— TASK ITEM —
Search through the entries for the word "ELLIPSE" and copy every line that has it.

— Data extracted from a collection —
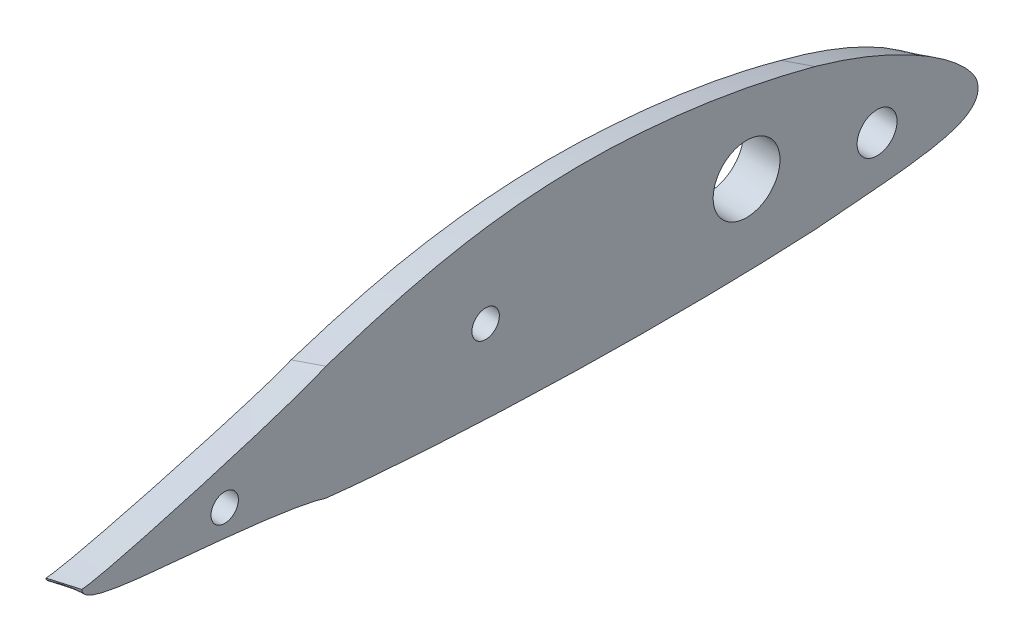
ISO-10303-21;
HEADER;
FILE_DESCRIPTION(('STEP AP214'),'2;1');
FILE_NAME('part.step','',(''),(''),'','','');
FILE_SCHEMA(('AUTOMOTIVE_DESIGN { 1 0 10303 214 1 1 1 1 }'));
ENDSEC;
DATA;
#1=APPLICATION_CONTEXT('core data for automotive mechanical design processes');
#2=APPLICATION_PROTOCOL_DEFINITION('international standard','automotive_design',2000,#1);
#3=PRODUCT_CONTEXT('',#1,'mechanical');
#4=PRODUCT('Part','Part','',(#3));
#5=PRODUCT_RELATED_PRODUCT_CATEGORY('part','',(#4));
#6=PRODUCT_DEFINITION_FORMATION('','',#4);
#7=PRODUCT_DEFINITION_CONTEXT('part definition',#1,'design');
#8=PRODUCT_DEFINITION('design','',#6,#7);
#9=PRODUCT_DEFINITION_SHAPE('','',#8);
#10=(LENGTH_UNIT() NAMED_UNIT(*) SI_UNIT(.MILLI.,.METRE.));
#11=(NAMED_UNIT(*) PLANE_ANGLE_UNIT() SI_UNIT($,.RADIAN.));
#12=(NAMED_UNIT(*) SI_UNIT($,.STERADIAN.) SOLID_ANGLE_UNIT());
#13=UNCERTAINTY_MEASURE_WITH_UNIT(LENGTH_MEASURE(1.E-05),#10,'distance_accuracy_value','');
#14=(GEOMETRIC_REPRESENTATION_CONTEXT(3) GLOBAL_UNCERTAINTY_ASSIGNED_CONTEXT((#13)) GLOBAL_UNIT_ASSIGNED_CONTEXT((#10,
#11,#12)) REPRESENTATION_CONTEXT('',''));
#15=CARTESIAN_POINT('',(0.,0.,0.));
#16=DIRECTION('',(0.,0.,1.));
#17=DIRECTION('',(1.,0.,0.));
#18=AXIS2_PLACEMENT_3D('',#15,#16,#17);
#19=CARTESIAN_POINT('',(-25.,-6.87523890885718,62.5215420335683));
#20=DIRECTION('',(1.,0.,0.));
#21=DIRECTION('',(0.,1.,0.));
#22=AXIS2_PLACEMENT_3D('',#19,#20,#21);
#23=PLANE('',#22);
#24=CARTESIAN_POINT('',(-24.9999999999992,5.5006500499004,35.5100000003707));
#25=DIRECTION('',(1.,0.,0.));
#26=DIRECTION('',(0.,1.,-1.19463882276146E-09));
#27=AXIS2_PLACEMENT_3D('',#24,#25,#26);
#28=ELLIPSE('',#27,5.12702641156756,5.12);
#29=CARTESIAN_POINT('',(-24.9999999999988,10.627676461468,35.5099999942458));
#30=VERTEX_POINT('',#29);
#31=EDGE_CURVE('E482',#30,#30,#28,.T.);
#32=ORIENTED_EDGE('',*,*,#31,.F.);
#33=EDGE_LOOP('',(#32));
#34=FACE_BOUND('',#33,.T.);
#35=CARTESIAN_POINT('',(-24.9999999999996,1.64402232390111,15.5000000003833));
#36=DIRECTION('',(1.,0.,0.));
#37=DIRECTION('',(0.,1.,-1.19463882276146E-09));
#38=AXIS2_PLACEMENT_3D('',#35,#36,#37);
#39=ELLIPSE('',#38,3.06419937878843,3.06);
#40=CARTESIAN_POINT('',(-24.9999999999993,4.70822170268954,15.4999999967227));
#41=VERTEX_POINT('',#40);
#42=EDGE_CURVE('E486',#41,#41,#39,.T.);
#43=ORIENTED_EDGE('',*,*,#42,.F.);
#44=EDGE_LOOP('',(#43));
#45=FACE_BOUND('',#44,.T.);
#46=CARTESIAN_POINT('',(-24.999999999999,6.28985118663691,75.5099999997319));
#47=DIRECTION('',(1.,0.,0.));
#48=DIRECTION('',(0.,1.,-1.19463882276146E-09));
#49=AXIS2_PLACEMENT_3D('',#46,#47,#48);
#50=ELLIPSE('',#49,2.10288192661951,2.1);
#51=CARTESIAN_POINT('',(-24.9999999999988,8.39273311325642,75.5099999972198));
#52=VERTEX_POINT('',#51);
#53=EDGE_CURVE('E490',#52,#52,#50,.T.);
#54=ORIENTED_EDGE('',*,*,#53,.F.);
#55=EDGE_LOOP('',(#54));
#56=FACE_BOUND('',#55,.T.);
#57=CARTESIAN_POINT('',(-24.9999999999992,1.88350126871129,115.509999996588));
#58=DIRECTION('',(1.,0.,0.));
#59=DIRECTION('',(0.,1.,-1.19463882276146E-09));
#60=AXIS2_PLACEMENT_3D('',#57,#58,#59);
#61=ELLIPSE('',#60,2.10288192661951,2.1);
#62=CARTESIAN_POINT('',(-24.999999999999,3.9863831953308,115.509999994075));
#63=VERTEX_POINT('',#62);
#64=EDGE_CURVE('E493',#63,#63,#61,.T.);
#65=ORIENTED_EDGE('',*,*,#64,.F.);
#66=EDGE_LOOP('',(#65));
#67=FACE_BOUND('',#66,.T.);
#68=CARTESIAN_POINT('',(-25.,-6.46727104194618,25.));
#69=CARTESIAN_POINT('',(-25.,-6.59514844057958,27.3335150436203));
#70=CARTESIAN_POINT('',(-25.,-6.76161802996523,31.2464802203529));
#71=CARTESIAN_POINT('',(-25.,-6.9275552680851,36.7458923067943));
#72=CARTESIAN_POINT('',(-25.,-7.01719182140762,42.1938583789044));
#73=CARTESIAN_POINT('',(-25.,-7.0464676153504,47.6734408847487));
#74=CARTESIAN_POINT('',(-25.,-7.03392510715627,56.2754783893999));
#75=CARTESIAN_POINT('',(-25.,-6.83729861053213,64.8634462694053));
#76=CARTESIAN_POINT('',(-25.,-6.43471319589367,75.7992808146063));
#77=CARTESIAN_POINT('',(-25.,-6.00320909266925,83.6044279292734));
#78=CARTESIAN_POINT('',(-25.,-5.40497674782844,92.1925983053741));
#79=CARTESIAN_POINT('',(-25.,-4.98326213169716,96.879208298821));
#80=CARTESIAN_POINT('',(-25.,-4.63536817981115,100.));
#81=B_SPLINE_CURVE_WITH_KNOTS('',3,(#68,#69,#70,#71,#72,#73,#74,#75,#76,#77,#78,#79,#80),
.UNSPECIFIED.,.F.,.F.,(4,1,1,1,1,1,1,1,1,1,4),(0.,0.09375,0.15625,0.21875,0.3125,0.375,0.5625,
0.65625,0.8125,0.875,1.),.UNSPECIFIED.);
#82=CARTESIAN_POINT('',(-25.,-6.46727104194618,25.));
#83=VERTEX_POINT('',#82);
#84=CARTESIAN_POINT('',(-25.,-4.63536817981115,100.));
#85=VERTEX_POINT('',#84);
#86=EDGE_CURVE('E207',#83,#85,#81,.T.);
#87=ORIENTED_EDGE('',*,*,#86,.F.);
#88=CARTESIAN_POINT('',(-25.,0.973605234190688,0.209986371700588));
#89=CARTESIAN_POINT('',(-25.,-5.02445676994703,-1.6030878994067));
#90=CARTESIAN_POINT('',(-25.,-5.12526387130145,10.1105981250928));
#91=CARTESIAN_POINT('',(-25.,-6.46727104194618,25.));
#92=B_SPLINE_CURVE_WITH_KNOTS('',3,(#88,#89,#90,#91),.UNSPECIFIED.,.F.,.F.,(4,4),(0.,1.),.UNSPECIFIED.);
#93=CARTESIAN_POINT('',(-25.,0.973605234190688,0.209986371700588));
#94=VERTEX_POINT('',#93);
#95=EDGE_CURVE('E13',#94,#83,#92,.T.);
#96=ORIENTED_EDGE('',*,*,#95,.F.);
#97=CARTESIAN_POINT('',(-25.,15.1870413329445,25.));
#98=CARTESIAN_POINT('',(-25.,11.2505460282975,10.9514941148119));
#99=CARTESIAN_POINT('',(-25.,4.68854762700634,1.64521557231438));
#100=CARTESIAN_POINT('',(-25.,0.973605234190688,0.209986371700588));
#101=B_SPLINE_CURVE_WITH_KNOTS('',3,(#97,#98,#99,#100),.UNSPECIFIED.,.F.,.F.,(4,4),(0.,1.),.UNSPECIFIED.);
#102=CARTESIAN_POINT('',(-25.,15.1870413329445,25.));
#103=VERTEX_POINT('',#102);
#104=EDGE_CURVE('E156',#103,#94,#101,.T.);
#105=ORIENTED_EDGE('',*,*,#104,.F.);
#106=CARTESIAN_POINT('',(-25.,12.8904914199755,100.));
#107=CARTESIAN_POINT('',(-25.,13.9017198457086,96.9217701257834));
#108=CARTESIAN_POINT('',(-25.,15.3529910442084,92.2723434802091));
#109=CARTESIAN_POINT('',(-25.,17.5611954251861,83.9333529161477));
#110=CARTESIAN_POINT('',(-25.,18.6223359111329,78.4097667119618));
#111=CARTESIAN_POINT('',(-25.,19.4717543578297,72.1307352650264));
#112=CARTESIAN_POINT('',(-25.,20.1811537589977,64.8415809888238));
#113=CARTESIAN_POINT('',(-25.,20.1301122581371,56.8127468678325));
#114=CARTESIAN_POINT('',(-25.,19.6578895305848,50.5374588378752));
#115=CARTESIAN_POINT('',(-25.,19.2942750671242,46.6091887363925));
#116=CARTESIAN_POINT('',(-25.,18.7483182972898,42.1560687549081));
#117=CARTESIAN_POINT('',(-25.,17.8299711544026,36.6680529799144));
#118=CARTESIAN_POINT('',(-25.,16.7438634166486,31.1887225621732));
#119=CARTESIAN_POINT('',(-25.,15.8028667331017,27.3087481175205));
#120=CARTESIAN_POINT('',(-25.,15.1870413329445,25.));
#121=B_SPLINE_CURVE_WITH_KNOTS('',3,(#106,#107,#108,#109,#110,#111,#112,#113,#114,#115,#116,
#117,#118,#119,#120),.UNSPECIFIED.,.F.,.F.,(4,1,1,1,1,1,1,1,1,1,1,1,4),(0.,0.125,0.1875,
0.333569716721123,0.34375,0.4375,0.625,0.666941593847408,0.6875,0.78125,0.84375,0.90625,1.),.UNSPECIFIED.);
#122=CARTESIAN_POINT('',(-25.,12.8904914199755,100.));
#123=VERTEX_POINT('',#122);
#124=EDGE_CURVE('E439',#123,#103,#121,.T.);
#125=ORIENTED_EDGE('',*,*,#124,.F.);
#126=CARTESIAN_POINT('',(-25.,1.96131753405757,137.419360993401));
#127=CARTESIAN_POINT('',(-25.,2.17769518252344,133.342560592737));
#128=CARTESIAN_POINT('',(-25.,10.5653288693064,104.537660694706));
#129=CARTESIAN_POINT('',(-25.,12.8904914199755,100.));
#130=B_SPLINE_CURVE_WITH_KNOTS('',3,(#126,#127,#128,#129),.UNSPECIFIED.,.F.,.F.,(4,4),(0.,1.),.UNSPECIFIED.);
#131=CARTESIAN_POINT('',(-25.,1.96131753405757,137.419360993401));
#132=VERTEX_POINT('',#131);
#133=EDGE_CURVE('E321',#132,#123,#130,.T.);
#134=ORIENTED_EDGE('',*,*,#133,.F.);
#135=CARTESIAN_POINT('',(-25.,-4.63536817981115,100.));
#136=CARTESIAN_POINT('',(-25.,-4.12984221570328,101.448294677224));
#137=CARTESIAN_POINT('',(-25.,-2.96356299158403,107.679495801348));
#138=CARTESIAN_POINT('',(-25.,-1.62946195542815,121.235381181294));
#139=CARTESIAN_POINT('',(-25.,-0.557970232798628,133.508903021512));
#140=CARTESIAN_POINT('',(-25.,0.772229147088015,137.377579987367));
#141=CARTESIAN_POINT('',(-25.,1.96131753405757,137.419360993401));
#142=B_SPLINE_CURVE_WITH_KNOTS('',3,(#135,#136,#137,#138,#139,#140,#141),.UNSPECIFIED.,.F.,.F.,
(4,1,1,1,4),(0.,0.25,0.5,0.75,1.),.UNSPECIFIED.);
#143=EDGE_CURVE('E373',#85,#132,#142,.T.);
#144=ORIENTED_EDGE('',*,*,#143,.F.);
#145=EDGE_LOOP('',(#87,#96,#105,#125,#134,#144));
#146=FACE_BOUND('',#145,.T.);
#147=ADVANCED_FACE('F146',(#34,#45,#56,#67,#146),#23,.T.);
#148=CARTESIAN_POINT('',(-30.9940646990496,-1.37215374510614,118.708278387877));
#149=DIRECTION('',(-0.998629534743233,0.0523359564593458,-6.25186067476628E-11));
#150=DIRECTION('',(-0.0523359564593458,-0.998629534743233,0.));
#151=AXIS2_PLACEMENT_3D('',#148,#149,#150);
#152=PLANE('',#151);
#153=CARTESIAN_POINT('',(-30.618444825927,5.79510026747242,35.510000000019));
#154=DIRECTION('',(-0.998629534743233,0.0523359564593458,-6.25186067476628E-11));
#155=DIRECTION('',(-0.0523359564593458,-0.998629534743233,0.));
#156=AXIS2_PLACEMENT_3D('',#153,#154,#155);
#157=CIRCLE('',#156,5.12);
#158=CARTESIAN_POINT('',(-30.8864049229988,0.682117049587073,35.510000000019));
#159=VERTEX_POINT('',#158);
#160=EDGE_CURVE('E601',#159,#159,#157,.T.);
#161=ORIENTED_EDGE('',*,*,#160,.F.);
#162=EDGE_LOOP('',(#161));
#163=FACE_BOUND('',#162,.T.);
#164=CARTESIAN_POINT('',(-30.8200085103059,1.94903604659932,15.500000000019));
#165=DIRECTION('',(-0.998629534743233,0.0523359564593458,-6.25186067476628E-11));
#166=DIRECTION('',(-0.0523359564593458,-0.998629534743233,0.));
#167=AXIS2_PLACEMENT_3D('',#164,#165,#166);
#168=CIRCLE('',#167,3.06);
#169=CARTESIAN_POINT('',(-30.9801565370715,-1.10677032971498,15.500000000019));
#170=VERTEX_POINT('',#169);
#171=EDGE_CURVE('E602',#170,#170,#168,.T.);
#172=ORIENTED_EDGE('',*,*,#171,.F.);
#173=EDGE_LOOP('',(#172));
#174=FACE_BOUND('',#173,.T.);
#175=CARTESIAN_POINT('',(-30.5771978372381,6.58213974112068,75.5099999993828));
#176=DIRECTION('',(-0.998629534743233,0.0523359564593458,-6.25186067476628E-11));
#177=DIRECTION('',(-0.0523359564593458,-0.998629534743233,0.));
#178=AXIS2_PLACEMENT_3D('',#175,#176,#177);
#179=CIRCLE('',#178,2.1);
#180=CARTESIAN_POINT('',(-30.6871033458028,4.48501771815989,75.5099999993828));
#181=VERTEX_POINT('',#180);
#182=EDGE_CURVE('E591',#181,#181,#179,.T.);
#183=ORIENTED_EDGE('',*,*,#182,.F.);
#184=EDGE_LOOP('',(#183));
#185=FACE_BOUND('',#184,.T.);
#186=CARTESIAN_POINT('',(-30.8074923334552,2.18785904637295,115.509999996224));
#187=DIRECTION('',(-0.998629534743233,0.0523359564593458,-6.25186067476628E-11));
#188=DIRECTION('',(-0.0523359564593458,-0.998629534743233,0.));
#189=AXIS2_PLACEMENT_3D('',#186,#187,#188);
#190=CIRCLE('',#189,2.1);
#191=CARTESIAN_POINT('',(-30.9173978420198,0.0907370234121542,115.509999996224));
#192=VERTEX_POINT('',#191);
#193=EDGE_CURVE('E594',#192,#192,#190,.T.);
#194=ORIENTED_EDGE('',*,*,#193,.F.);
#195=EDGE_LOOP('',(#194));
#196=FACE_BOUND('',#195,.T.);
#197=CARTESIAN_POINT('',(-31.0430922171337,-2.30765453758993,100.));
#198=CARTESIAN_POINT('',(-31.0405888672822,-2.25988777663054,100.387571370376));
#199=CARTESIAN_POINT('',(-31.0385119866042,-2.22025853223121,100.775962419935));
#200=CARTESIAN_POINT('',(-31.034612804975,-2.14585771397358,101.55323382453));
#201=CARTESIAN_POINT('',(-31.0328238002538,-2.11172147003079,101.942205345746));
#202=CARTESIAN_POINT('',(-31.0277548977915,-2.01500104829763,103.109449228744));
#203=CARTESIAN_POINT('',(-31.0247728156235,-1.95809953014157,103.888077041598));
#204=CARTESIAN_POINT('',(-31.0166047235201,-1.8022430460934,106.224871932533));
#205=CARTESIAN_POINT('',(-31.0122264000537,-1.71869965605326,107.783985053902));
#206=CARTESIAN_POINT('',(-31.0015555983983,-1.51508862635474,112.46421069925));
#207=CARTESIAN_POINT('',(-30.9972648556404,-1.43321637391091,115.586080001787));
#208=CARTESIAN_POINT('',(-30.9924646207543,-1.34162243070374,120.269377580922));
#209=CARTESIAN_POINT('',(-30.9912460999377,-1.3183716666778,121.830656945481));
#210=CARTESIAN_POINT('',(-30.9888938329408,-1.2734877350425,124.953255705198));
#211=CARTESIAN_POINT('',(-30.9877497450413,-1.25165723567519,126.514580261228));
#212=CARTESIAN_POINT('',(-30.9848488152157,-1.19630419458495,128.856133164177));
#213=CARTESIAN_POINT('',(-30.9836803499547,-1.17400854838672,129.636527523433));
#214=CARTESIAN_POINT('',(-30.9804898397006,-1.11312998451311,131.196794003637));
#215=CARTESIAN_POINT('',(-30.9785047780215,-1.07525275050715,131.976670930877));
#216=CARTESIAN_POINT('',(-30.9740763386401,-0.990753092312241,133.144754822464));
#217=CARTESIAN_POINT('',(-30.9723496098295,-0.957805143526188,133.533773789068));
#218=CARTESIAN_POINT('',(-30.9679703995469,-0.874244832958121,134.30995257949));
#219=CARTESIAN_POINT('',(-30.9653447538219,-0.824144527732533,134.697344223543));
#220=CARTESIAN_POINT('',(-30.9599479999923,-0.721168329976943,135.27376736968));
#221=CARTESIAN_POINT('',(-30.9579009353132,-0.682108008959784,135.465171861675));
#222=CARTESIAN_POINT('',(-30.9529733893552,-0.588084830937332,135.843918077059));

— ANSWER BELOW —
#28=ELLIPSE('',#27,5.12702641156756,5.12);
#39=ELLIPSE('',#38,3.06419937878843,3.06);
#50=ELLIPSE('',#49,2.10288192661951,2.1);
#61=ELLIPSE('',#60,2.10288192661951,2.1);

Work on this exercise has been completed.